- **Data for the task**:

|---|

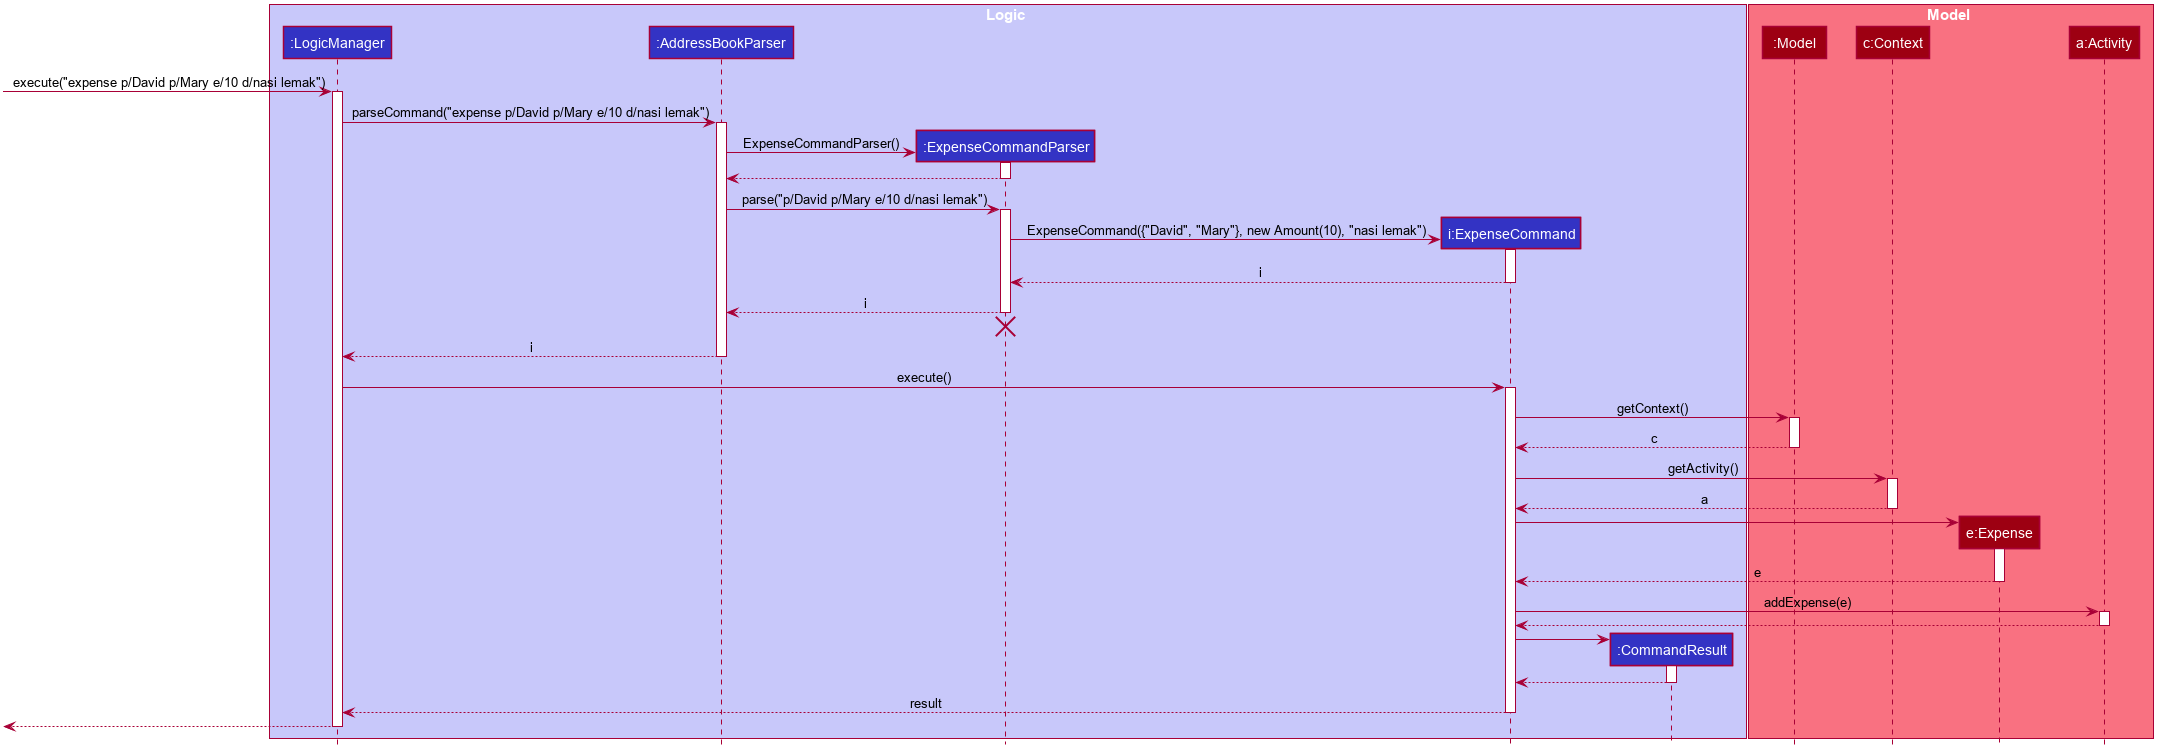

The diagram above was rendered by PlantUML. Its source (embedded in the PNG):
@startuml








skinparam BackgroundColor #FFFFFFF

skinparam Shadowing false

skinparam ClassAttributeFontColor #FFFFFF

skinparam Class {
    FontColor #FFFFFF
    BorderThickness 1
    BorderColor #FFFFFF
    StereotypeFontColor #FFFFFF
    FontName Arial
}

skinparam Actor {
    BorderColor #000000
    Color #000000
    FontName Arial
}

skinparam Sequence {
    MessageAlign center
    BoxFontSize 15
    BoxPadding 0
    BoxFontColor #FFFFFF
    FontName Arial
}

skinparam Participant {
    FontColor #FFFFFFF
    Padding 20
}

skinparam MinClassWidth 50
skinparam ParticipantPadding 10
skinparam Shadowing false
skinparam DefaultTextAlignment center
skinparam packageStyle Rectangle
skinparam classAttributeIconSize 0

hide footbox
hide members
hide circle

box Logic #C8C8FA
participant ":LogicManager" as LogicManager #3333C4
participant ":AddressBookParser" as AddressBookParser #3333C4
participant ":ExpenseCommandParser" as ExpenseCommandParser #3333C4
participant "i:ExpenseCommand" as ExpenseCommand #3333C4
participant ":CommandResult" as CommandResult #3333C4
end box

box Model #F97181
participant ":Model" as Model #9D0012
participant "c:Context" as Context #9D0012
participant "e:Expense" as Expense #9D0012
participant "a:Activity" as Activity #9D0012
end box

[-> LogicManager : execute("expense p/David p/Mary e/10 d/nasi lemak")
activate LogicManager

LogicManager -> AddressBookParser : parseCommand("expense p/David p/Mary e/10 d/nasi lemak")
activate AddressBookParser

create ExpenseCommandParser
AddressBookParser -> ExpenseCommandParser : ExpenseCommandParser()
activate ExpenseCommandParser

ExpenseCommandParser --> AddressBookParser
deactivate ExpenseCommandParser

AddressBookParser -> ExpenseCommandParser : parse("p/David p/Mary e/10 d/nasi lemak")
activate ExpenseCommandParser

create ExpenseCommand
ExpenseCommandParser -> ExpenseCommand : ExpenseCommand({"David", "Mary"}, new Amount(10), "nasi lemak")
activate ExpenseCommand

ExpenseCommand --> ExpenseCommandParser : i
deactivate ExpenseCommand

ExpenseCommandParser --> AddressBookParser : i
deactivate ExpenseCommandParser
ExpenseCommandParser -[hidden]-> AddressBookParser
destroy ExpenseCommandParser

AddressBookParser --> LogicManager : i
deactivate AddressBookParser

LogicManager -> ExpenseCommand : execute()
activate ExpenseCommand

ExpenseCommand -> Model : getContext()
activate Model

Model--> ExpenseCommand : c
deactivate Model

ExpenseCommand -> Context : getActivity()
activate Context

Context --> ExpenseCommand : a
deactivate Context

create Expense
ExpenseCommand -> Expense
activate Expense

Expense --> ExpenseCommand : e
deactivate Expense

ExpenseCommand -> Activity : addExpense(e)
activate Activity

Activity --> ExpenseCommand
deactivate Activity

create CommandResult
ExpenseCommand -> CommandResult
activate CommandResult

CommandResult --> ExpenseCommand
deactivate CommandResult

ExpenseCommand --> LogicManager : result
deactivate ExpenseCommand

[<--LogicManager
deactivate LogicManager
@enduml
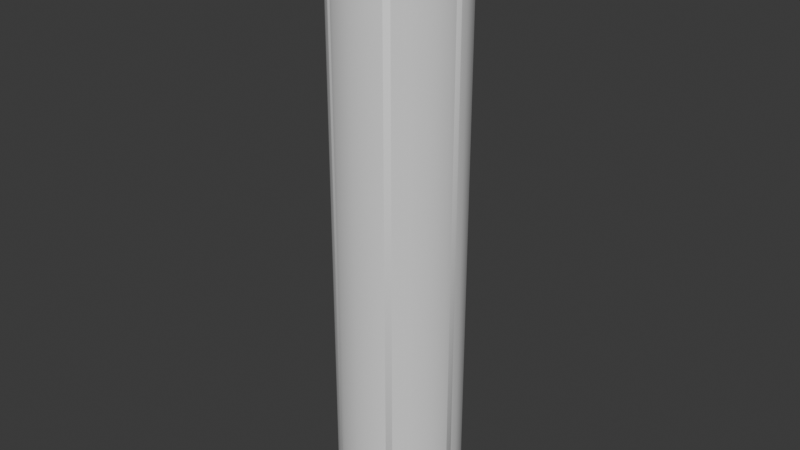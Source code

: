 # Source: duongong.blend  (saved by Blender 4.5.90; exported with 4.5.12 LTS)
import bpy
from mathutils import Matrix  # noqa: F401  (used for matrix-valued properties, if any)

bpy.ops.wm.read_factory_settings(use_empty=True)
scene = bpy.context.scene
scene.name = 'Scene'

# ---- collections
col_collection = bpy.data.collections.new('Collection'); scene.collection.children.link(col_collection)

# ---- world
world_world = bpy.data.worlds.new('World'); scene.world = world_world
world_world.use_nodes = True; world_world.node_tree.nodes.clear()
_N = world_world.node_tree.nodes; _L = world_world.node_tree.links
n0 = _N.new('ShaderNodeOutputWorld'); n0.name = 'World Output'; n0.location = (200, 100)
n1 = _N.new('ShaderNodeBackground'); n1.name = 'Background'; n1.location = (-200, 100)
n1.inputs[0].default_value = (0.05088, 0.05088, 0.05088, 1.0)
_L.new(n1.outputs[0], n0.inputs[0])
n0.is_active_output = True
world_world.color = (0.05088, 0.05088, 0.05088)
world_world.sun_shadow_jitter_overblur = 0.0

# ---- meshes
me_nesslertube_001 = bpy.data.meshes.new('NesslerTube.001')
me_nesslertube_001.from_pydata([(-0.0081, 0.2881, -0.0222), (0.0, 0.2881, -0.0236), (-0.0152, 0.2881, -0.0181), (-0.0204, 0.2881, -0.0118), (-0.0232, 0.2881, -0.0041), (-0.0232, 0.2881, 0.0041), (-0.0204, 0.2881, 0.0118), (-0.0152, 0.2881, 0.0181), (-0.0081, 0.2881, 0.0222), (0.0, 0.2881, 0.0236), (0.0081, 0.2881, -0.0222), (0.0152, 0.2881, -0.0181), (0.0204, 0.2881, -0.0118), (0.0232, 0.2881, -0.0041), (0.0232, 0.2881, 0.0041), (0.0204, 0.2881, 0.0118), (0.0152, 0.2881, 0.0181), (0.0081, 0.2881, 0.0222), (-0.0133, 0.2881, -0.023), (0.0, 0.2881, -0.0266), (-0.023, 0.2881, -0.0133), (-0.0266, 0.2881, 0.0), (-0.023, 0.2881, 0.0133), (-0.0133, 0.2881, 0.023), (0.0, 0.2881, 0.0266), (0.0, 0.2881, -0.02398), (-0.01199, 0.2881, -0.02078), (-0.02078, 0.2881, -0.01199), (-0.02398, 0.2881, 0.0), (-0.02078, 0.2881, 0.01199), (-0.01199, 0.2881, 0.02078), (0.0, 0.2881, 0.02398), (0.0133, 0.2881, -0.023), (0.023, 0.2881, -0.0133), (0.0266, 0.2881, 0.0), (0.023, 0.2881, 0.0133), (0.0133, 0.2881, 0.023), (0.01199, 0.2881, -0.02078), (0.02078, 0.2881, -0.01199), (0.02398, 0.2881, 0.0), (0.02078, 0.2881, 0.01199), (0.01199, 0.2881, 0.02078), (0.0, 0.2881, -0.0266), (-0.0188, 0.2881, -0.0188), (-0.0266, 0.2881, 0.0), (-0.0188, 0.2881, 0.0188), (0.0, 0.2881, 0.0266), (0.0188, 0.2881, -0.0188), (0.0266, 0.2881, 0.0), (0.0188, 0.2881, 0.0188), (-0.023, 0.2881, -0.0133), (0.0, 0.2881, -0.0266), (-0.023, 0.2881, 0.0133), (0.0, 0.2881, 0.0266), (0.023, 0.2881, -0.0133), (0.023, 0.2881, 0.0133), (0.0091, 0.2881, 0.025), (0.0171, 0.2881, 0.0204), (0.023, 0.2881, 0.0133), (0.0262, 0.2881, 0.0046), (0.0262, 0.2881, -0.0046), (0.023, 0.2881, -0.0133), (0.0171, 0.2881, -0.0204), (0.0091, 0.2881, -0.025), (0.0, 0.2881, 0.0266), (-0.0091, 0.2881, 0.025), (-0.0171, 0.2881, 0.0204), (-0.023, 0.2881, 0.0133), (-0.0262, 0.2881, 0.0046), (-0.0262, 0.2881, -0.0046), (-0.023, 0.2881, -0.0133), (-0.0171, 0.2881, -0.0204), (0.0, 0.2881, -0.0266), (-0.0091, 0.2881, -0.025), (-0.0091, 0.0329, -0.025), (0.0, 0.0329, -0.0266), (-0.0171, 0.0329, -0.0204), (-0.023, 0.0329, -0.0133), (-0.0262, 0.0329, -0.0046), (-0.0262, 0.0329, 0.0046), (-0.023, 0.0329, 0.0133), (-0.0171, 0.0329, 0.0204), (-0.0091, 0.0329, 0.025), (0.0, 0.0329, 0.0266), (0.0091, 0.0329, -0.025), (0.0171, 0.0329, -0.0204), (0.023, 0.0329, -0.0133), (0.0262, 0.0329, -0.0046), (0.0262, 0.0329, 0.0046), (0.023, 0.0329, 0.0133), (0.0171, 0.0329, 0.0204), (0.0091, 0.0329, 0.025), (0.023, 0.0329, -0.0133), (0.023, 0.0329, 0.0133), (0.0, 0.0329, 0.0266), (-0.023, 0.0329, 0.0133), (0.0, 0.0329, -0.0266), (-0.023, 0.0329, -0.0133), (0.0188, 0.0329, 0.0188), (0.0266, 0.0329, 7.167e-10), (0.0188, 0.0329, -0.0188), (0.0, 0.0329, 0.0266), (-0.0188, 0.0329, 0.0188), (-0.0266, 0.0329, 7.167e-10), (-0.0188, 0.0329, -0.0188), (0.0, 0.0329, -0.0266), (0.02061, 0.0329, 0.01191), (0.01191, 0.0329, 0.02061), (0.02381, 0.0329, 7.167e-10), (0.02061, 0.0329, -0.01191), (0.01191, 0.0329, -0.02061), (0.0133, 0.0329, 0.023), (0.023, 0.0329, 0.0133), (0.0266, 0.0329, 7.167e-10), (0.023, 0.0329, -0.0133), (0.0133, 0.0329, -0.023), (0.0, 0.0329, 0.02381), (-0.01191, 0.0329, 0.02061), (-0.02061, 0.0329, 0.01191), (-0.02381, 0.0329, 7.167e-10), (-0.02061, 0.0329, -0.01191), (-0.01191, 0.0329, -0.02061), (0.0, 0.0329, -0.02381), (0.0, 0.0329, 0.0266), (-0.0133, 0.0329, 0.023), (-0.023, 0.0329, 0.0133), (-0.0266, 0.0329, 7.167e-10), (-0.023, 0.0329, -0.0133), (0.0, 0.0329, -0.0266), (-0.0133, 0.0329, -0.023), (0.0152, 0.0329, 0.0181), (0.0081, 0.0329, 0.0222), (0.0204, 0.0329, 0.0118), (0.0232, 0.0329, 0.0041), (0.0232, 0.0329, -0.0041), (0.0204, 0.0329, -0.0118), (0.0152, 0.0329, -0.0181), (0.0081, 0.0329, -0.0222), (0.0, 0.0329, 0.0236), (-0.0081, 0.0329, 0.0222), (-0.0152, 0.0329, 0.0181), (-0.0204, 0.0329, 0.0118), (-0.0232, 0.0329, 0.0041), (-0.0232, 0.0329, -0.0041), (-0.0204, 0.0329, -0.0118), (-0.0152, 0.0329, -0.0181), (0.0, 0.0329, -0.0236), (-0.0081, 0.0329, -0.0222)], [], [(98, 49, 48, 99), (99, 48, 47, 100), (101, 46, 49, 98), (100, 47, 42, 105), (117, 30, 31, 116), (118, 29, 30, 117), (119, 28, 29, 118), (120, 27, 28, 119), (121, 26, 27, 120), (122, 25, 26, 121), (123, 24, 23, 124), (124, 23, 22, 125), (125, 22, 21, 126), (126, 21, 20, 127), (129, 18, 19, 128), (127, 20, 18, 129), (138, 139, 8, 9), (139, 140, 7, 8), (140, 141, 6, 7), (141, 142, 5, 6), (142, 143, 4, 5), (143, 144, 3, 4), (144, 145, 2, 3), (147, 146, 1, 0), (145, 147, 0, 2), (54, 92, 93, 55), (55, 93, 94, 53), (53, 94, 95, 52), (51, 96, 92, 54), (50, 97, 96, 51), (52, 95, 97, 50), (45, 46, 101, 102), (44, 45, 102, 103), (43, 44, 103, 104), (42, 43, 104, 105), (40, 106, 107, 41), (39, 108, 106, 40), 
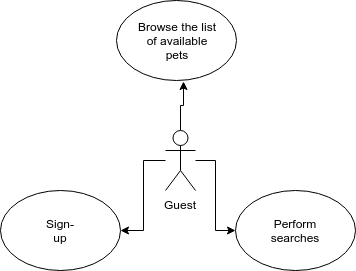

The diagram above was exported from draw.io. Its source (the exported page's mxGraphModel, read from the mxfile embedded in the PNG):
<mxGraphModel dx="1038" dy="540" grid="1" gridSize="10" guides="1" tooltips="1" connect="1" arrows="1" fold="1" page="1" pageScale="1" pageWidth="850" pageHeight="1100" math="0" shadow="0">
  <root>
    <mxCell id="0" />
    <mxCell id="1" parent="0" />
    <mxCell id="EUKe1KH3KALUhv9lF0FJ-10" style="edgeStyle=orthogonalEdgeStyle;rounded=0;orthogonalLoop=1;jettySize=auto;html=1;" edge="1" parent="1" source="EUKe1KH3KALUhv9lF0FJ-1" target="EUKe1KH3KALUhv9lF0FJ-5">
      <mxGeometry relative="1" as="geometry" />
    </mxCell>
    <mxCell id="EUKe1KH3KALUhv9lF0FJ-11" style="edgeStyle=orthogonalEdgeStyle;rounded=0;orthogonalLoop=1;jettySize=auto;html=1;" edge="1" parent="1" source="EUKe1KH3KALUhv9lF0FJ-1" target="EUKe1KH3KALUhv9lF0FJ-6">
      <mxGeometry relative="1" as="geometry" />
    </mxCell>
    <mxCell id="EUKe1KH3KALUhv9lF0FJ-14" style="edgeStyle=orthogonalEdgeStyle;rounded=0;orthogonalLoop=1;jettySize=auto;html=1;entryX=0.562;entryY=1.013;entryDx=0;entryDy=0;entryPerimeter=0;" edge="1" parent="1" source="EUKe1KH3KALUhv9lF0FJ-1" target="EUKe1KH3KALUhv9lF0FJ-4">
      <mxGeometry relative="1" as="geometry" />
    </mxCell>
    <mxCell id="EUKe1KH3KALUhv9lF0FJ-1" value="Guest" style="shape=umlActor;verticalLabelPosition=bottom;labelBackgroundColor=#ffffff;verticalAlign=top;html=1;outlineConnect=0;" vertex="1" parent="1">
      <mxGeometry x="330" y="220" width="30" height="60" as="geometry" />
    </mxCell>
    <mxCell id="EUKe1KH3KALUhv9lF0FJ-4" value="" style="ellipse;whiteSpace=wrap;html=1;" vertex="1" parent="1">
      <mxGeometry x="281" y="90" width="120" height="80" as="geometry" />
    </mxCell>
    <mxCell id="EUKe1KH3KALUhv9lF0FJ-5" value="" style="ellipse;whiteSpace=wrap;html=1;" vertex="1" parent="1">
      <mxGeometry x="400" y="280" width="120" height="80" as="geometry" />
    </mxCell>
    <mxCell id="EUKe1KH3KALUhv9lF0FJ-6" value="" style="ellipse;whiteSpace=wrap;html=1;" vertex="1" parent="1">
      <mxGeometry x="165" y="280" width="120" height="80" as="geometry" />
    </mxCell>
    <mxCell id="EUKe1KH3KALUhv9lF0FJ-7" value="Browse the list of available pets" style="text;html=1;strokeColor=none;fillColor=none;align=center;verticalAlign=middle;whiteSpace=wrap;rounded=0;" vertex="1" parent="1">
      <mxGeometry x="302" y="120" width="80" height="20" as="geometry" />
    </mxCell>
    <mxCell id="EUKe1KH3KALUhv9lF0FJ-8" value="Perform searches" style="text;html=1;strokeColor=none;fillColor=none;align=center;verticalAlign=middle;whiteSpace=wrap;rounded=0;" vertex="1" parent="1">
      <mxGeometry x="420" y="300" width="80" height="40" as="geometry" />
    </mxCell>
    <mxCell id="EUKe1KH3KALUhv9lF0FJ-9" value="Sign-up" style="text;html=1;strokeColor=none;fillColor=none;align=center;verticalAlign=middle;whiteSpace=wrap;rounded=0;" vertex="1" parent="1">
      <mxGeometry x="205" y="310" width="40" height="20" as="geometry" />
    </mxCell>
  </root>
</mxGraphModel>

|---|

- **Assignment**: For the lines above, output exactly those from the line containing "BoxFontSize 15" through the line containing "deactivate Model", and skip the others.

- **Response box**:
    BoxFontSize 15
    BoxPadding 0
    BoxFontColor #FFFFFF
    FontName Arial
}

skinparam Participant {
    FontColor #FFFFFFF
    Padding 20
}

skinparam MinClassWidth 50
skinparam ParticipantPadding 10
skinparam Shadowing false
skinparam DefaultTextAlignment center
skinparam packageStyle Rectangle
skinparam classAttributeIconSize 0

hide footbox
hide members
hide circle

box Logic #C8C8FA
participant ":LogicManager" as LogicManager #3333C4
participant ":AddressBookParser" as AddressBookParser #3333C4
participant ":ExpenseCommandParser" as ExpenseCommandParser #3333C4
participant "i:ExpenseCommand" as ExpenseCommand #3333C4
participant ":CommandResult" as CommandResult #3333C4
end box

box Model #F97181
participant ":Model" as Model #9D0012
participant "c:Context" as Context #9D0012
participant "e:Expense" as Expense #9D0012
participant "a:Activity" as Activity #9D0012
end box

[-> LogicManager : execute("expense p/David p/Mary e/10 d/nasi lemak")
activate LogicManager

LogicManager -> AddressBookParser : parseCommand("expense p/David p/Mary e/10 d/nasi lemak")
activate AddressBookParser

create ExpenseCommandParser
AddressBookParser -> ExpenseCommandParser : ExpenseCommandParser()
activate ExpenseCommandParser

ExpenseCommandParser --> AddressBookParser
deactivate ExpenseCommandParser

AddressBookParser -> ExpenseCommandParser : parse("p/David p/Mary e/10 d/nasi lemak")
activate ExpenseCommandParser

create ExpenseCommand
ExpenseCommandParser -> ExpenseCommand : ExpenseCommand({"David", "Mary"}, new Amount(10), "nasi lemak")
activate ExpenseCommand

ExpenseCommand --> ExpenseCommandParser : i
deactivate ExpenseCommand

ExpenseCommandParser --> AddressBookParser : i
deactivate ExpenseCommandParser
ExpenseCommandParser -[hidden]-> AddressBookParser
destroy ExpenseCommandParser

AddressBookParser --> LogicManager : i
deactivate AddressBookParser

LogicManager -> ExpenseCommand : execute()
activate ExpenseCommand

ExpenseCommand -> Model : getContext()
activate Model

Model--> ExpenseCommand : c
deactivate Model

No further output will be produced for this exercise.